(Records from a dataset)

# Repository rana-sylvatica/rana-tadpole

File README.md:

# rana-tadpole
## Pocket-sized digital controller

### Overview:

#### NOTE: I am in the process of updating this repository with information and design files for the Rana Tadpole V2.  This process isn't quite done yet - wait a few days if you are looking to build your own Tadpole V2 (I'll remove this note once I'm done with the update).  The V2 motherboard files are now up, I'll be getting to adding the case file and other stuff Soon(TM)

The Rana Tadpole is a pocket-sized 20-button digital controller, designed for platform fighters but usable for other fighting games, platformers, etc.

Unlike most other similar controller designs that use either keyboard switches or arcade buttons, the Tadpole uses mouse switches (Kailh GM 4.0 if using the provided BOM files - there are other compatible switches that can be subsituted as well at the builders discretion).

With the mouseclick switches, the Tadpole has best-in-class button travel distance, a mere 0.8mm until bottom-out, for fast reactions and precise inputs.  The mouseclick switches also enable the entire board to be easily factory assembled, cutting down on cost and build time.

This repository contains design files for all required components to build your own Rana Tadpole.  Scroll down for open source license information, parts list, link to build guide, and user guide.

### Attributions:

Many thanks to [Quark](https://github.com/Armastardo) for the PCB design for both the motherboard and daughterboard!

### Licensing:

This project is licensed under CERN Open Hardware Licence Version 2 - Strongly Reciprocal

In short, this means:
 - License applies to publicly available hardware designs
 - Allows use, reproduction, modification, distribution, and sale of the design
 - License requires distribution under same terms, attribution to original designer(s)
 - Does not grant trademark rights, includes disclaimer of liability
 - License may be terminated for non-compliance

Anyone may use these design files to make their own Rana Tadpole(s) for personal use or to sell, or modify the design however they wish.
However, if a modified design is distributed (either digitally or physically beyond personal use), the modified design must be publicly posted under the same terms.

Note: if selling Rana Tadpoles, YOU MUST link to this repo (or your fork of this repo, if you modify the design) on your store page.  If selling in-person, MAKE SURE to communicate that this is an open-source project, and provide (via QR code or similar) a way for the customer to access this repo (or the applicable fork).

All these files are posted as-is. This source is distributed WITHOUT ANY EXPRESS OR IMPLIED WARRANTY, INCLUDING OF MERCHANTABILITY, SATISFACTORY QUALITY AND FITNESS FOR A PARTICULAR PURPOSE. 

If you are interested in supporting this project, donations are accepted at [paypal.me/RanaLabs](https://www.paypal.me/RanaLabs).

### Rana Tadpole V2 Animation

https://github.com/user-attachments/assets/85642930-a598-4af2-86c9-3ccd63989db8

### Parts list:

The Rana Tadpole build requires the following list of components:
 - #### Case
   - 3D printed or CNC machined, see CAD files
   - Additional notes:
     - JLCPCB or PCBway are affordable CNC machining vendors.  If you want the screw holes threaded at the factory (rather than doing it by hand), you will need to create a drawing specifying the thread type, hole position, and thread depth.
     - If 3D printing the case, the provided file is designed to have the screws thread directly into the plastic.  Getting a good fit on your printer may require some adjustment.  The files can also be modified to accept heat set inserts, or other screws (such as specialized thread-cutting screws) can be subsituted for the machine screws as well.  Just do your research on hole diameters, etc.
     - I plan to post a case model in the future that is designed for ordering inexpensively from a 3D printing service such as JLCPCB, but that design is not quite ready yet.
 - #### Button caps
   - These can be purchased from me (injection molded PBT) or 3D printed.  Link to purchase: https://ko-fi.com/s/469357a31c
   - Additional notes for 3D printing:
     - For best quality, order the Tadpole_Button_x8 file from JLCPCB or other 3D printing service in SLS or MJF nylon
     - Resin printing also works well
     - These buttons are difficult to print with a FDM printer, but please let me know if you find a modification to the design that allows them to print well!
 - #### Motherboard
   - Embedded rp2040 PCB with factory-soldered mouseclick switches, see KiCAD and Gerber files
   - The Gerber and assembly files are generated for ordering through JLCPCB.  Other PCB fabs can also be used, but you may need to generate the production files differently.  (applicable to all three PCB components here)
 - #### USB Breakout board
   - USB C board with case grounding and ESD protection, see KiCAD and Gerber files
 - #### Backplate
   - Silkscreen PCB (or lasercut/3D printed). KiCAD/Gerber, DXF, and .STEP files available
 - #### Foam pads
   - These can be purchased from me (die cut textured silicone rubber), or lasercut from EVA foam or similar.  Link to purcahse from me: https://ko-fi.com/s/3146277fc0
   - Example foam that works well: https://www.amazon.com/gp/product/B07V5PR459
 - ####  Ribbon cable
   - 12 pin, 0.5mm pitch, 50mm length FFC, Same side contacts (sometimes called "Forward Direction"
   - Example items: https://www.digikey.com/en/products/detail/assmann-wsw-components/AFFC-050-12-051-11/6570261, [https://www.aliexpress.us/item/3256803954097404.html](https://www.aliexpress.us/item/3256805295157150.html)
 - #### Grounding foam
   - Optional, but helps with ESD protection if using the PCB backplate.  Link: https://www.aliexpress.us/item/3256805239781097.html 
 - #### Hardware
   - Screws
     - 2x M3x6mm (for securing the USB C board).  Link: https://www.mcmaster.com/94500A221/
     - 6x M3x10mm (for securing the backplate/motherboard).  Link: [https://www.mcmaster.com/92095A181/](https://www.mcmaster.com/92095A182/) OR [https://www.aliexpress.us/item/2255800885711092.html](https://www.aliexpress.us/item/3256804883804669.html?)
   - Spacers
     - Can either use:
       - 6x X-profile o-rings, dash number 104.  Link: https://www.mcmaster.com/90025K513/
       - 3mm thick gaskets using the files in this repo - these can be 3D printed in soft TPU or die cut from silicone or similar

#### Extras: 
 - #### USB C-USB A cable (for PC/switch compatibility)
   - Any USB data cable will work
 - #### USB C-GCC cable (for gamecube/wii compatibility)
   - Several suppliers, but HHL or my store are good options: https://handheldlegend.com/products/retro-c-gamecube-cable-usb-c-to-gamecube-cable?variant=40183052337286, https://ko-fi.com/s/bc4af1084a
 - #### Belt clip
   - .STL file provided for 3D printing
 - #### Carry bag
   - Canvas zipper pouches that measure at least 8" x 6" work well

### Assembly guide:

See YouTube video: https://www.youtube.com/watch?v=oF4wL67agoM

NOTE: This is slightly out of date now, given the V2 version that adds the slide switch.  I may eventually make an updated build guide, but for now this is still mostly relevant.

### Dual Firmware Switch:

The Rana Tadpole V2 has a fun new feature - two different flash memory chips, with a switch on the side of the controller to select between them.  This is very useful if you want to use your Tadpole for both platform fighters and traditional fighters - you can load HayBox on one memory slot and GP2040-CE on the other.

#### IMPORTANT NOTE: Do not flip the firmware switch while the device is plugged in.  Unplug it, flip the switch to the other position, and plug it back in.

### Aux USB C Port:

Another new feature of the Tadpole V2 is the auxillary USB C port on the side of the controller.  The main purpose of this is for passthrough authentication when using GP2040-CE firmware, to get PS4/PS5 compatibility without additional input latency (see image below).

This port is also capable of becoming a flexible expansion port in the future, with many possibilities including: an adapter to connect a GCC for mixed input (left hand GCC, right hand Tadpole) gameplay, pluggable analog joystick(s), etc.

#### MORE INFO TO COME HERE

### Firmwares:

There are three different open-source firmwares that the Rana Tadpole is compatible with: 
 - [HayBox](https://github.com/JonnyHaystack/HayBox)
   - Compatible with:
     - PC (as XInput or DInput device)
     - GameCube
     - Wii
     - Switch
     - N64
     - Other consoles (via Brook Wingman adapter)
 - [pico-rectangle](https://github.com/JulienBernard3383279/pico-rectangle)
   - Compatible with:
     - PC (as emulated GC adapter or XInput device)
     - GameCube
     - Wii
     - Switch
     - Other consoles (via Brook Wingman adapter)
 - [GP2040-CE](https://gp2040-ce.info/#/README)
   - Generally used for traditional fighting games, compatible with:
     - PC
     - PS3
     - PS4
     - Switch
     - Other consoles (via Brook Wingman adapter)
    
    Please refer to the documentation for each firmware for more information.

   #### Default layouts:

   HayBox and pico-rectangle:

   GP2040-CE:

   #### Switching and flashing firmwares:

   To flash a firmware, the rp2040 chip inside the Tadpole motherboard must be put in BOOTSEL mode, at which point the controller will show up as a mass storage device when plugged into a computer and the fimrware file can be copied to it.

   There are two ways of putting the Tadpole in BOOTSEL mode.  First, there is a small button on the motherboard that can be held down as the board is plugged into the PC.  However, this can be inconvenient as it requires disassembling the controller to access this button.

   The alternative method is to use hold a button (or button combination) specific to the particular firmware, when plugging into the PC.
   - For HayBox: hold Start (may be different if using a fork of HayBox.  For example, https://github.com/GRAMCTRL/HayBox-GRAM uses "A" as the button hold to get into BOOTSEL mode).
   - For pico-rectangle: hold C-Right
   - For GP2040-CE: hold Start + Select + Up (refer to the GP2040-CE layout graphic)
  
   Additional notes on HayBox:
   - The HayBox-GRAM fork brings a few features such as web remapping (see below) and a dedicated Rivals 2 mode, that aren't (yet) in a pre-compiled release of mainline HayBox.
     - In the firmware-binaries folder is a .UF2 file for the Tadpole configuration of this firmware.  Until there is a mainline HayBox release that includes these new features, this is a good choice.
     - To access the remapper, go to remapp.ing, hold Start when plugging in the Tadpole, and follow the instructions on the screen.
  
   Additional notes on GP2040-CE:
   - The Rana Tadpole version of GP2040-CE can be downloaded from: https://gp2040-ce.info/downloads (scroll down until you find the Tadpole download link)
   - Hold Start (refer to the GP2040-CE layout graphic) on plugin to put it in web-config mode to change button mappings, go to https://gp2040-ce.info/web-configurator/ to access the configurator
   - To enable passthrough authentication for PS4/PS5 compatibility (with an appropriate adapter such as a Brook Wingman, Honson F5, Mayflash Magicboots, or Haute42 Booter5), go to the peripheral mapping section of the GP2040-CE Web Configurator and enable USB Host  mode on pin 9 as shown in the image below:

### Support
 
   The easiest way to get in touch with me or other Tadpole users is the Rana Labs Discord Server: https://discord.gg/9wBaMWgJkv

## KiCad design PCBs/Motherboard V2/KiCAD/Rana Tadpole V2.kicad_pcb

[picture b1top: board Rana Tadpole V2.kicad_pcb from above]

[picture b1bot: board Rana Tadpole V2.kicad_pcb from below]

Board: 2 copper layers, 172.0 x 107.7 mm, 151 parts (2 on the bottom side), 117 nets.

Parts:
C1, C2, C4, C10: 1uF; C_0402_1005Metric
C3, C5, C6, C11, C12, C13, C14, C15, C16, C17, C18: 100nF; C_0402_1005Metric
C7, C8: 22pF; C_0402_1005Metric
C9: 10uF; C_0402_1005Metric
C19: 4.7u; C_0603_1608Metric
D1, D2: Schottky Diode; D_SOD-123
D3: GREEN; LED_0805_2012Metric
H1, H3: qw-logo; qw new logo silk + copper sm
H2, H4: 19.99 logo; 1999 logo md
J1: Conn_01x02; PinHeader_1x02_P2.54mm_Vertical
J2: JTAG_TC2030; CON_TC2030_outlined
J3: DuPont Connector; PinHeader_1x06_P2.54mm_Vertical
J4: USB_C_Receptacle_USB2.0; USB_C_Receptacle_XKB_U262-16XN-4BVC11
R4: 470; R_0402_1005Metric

§ Task directions
Write out only what runs from the line holding "J3: DuPont Connector;" through the last line of the records, exactly as shown.

§ Solution to the problem
J3: DuPont Connector; PinHeader_1x06_P2.54mm_Vertical
J4: USB_C_Receptacle_USB2.0; USB_C_Receptacle_XKB_U262-16XN-4BVC11
R4: 470; R_0402_1005Metric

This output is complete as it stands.